The article goes on to report thatPathways to Convergence, a project supported by The Pew Charitable Trusts, enabled a broad array of clergy, clinicians, practitioners and ethicists to explore Catholic perspectives on these issues for more than a year. Participants engaged in a series of in-depth conversations on how Catholics accompany the sick and dying, how end-of-life medical decisions are made and what role the church has in promoting its message and vision in the public square.
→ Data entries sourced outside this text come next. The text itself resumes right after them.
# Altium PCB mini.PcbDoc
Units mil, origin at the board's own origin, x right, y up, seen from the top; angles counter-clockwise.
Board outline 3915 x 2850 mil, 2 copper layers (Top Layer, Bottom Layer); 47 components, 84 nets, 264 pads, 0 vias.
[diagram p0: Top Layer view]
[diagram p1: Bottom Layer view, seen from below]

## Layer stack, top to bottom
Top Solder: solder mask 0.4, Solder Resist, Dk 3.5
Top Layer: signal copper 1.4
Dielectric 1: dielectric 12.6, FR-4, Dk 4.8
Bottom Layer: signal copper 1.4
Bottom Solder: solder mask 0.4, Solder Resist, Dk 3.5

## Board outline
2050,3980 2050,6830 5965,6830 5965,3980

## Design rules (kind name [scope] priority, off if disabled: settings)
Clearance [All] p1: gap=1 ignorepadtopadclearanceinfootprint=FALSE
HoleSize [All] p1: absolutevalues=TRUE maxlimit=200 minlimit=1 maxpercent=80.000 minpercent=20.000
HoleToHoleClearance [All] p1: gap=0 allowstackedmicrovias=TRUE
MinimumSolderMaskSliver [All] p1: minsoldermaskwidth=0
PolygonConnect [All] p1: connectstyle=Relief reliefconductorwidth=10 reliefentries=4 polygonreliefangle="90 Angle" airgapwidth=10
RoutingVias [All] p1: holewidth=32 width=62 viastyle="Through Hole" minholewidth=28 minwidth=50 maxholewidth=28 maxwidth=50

It was acknowledged at the outset that although Catholics share many strongly held views that converge, they also hold divergent views and practices that cause confusion and misunderstanding. The project was established with the hope that, through a respectful exploration of the convergence and divergence of views, participants could recognize a path forward that would enable Catholics to speak more clearly and distinctly about these issues to one another and to others as well. …”

Discussions between physician and patient, or patient and nurse practitioner, about care at end of life are challenging, sensitive, and fraught with the difficulty of accepting certain medical inevitabilities without giving up hope. One’s concept of what constitutes good life at end of life must be explored. Individuals can sign advance directives, and patients or their authorized proxies can confer with physicians about POLST – Physicians Orders for Life Sustaining Treatment — that become part of the medical record both in and out of the hospital. Above all, the issues need to be explored with the team that is important to the patient, which will often include clergy as well as health care personnel and trusted family members.